**ACTIVITY:** The answer must consist of every line from the data that holds "linetypes".

[GIVEN RECORDS]

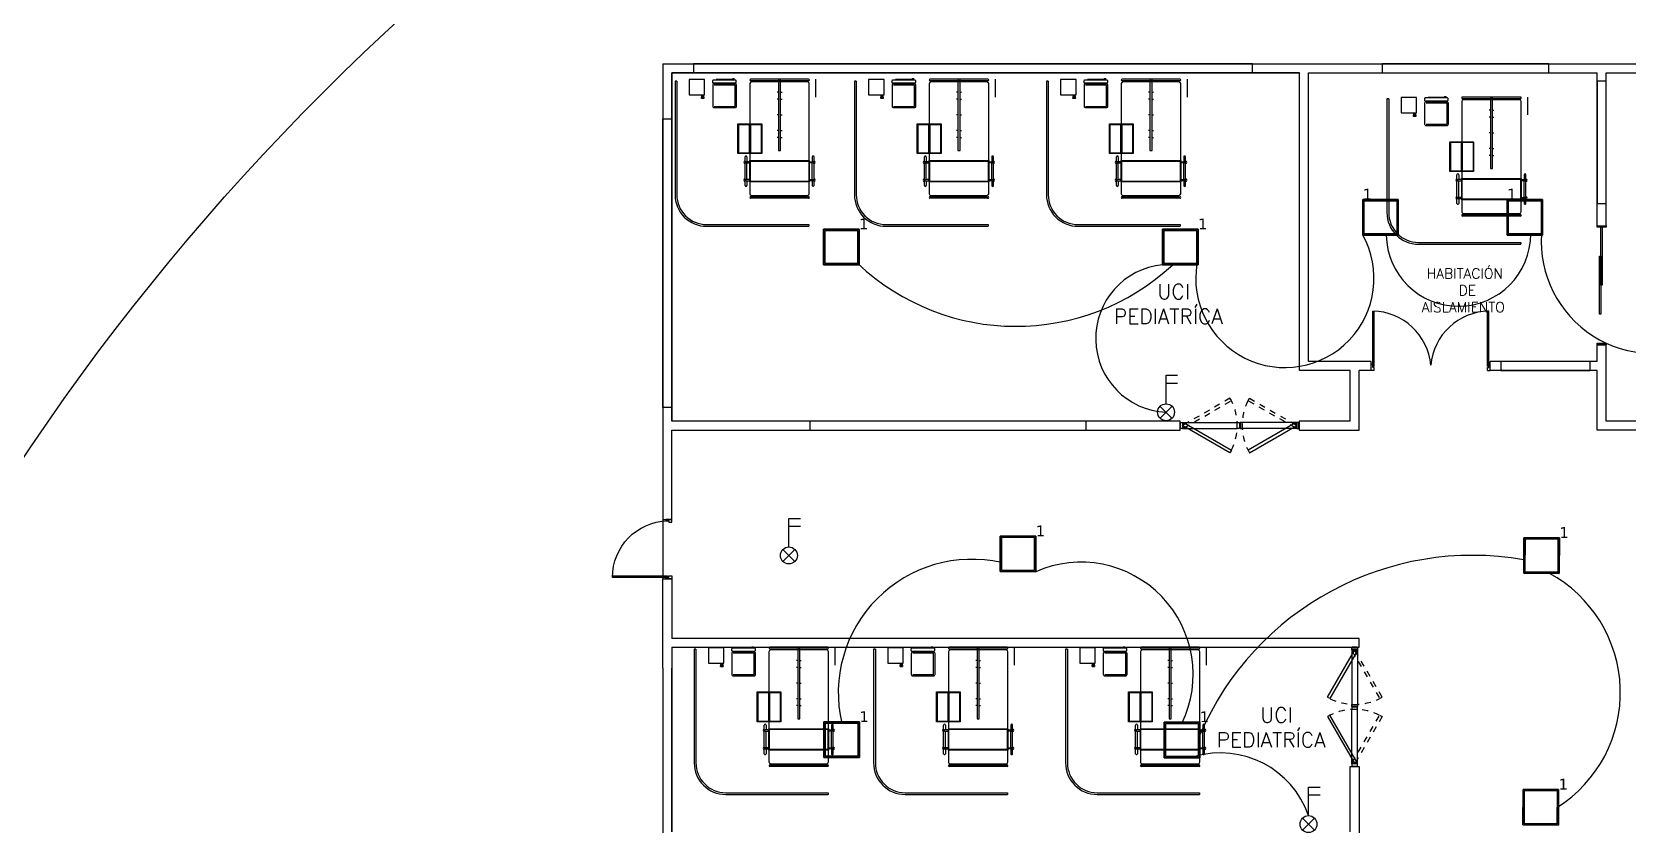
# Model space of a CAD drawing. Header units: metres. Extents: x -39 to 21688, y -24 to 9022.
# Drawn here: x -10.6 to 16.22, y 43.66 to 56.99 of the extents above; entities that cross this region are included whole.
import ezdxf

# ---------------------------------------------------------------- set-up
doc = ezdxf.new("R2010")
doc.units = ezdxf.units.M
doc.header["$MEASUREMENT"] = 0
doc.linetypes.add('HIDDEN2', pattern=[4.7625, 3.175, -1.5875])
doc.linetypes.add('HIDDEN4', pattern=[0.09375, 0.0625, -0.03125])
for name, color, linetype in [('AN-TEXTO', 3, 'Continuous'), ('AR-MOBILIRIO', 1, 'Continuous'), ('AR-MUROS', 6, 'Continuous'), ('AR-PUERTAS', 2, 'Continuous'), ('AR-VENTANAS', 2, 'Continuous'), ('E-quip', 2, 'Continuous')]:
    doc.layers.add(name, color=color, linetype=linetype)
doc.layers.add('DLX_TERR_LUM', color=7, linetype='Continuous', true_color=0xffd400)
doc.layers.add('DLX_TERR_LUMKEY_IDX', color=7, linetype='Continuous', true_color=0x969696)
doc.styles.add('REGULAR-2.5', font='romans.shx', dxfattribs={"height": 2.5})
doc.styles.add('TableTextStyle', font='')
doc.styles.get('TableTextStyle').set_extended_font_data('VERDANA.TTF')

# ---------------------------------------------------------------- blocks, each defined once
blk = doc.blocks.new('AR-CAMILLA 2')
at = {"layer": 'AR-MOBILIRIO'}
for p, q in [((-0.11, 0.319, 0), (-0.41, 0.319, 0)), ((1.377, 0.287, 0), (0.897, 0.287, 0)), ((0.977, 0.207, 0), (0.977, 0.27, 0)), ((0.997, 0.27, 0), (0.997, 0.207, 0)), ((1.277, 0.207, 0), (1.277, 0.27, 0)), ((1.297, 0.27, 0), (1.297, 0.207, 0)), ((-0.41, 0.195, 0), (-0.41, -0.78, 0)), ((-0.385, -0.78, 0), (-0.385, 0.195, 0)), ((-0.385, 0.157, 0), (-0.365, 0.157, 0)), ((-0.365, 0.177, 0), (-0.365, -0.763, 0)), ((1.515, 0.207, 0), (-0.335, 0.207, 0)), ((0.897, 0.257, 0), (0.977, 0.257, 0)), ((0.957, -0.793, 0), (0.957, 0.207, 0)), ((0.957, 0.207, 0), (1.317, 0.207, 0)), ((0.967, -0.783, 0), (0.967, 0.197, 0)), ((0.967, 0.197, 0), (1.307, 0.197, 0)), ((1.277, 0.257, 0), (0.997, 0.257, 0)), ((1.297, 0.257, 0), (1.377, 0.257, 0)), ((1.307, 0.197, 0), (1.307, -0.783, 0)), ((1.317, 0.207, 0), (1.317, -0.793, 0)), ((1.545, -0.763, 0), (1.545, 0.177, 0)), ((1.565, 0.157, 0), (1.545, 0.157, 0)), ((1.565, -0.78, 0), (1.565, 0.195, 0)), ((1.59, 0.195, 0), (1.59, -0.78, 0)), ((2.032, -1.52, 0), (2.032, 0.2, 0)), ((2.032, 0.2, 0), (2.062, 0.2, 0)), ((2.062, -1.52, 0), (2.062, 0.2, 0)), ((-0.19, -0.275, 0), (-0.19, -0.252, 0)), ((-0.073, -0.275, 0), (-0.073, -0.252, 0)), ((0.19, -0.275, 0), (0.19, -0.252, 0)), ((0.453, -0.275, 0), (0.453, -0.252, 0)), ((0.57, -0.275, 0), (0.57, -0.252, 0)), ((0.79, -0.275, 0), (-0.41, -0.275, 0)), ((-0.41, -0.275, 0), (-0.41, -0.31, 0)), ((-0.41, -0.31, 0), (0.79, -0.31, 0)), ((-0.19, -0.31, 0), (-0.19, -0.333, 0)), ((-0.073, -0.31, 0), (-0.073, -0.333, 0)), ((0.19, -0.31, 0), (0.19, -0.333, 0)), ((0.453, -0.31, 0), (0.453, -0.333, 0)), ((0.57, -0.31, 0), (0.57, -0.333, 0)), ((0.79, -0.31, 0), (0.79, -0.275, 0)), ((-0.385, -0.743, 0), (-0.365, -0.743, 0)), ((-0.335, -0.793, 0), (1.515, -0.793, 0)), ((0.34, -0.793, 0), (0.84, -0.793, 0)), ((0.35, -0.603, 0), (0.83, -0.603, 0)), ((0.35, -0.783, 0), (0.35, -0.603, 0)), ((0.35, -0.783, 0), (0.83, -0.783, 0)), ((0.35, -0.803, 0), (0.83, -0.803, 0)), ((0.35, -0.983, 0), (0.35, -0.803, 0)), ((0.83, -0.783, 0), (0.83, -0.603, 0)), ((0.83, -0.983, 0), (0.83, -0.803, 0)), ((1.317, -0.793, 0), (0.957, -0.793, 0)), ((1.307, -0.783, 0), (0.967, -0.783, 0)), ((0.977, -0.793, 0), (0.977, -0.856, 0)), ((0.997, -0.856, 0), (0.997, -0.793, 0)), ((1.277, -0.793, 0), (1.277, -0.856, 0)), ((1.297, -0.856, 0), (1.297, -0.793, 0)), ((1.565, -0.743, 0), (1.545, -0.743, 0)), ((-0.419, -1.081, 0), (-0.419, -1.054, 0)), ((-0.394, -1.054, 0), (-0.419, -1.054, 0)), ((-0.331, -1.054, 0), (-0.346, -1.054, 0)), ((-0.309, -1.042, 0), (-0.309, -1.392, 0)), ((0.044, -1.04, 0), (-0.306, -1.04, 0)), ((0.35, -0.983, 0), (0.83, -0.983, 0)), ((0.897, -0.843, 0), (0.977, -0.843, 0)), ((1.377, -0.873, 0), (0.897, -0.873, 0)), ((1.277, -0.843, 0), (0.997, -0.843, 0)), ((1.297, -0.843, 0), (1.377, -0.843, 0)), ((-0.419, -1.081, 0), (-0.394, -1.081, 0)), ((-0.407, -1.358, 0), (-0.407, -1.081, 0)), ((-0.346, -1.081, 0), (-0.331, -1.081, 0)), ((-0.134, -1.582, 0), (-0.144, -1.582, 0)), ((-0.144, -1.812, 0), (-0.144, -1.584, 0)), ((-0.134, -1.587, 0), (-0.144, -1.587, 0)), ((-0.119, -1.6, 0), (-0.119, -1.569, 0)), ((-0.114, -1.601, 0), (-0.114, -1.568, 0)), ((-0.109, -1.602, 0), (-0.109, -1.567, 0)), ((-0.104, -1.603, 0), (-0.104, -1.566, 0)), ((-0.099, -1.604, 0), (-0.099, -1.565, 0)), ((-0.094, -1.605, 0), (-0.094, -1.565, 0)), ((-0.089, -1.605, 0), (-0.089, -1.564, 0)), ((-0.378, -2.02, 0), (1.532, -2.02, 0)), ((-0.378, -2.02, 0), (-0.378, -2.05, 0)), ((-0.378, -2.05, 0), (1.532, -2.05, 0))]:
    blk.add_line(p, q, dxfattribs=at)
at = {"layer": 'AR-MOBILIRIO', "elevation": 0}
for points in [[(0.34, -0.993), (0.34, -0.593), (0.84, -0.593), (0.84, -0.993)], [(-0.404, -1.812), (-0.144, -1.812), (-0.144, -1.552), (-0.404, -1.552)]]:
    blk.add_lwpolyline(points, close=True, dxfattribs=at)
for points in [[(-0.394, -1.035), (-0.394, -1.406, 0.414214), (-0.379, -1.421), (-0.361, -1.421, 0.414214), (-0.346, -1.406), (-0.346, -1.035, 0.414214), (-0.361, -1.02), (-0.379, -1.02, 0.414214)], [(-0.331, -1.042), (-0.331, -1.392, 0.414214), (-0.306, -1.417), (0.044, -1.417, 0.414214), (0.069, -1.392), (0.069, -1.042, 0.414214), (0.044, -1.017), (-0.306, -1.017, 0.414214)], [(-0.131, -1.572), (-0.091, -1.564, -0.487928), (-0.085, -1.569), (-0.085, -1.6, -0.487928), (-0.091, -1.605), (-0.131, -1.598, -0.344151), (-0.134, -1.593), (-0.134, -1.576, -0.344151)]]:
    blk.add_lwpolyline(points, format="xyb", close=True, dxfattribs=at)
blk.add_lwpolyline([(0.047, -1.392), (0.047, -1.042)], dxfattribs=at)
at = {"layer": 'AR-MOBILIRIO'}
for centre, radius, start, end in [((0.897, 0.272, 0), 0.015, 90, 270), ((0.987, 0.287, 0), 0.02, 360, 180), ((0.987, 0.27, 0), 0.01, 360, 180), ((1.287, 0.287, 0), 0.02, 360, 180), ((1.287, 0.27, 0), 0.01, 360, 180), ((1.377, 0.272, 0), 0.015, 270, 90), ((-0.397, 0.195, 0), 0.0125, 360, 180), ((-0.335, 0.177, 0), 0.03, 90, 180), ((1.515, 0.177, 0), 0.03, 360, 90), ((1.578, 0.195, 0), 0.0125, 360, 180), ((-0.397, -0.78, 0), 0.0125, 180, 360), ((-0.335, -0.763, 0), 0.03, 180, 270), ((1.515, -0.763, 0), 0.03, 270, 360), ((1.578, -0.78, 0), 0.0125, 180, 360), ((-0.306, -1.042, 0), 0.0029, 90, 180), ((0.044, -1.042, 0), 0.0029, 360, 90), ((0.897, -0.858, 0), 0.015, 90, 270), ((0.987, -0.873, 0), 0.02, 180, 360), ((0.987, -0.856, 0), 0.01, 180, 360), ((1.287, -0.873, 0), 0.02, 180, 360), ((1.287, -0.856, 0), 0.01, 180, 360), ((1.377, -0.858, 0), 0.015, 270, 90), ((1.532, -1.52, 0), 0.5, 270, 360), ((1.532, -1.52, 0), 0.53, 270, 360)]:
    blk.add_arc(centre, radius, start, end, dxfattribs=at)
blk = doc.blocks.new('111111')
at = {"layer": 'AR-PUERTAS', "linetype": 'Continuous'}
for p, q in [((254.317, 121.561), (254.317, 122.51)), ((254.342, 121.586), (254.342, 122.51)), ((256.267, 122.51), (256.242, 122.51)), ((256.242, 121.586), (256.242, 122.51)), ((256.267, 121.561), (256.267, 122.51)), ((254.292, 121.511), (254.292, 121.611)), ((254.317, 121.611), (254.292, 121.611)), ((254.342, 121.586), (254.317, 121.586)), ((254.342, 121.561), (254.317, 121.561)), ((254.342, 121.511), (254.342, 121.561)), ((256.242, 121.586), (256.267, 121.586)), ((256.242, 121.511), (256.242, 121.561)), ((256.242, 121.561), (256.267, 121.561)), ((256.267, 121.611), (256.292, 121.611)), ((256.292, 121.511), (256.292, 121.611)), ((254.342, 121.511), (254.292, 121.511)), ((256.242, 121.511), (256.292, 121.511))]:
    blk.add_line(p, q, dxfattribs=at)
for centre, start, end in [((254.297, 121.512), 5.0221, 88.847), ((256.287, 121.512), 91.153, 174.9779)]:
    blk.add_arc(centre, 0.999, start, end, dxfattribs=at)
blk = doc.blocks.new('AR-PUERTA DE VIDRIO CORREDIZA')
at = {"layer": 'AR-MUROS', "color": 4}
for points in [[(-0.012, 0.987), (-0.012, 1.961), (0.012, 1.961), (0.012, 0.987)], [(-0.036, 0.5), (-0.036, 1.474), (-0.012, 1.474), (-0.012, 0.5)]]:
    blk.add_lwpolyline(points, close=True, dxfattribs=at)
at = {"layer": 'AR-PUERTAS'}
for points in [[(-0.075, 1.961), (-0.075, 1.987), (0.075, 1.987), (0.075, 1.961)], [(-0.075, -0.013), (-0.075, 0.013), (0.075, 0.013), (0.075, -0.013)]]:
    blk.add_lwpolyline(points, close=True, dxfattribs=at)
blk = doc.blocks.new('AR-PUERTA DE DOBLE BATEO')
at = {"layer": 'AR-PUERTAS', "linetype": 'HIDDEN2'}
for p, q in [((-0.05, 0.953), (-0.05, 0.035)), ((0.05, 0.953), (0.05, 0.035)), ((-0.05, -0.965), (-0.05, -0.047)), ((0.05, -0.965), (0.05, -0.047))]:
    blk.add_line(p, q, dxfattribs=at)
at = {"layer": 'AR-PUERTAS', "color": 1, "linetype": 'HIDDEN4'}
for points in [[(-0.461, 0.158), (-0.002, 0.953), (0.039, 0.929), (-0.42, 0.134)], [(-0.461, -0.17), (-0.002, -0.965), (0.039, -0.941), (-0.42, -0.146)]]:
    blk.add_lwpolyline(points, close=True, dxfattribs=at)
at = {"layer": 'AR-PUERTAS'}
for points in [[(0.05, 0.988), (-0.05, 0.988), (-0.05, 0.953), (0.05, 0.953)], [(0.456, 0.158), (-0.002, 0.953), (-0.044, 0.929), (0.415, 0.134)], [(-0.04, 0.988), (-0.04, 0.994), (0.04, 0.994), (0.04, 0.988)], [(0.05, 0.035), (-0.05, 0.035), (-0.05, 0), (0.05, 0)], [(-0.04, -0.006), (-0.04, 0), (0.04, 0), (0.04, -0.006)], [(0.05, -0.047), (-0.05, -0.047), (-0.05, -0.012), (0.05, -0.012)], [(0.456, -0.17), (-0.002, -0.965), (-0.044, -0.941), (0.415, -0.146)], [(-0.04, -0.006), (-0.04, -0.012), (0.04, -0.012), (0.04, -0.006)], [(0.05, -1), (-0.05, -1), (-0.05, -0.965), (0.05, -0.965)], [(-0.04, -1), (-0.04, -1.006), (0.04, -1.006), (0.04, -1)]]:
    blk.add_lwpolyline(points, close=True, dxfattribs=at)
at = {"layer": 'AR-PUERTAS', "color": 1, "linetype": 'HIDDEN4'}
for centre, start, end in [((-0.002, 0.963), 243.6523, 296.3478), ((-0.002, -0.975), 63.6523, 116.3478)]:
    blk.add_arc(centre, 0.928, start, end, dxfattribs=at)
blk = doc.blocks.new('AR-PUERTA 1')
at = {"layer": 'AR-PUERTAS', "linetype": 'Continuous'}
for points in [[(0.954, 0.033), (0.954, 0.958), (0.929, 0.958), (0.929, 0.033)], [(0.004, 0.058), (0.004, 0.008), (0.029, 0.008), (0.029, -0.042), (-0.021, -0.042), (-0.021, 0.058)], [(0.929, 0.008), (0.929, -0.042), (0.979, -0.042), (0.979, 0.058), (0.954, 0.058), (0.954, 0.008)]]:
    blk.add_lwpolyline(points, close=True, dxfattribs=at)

[/GIVEN RECORDS]

**RESPONSE AREA:**
doc.linetypes.add('HIDDEN2', pattern=[4.7625, 3.175, -1.5875])
doc.linetypes.add('HIDDEN4', pattern=[0.09375, 0.0625, -0.03125])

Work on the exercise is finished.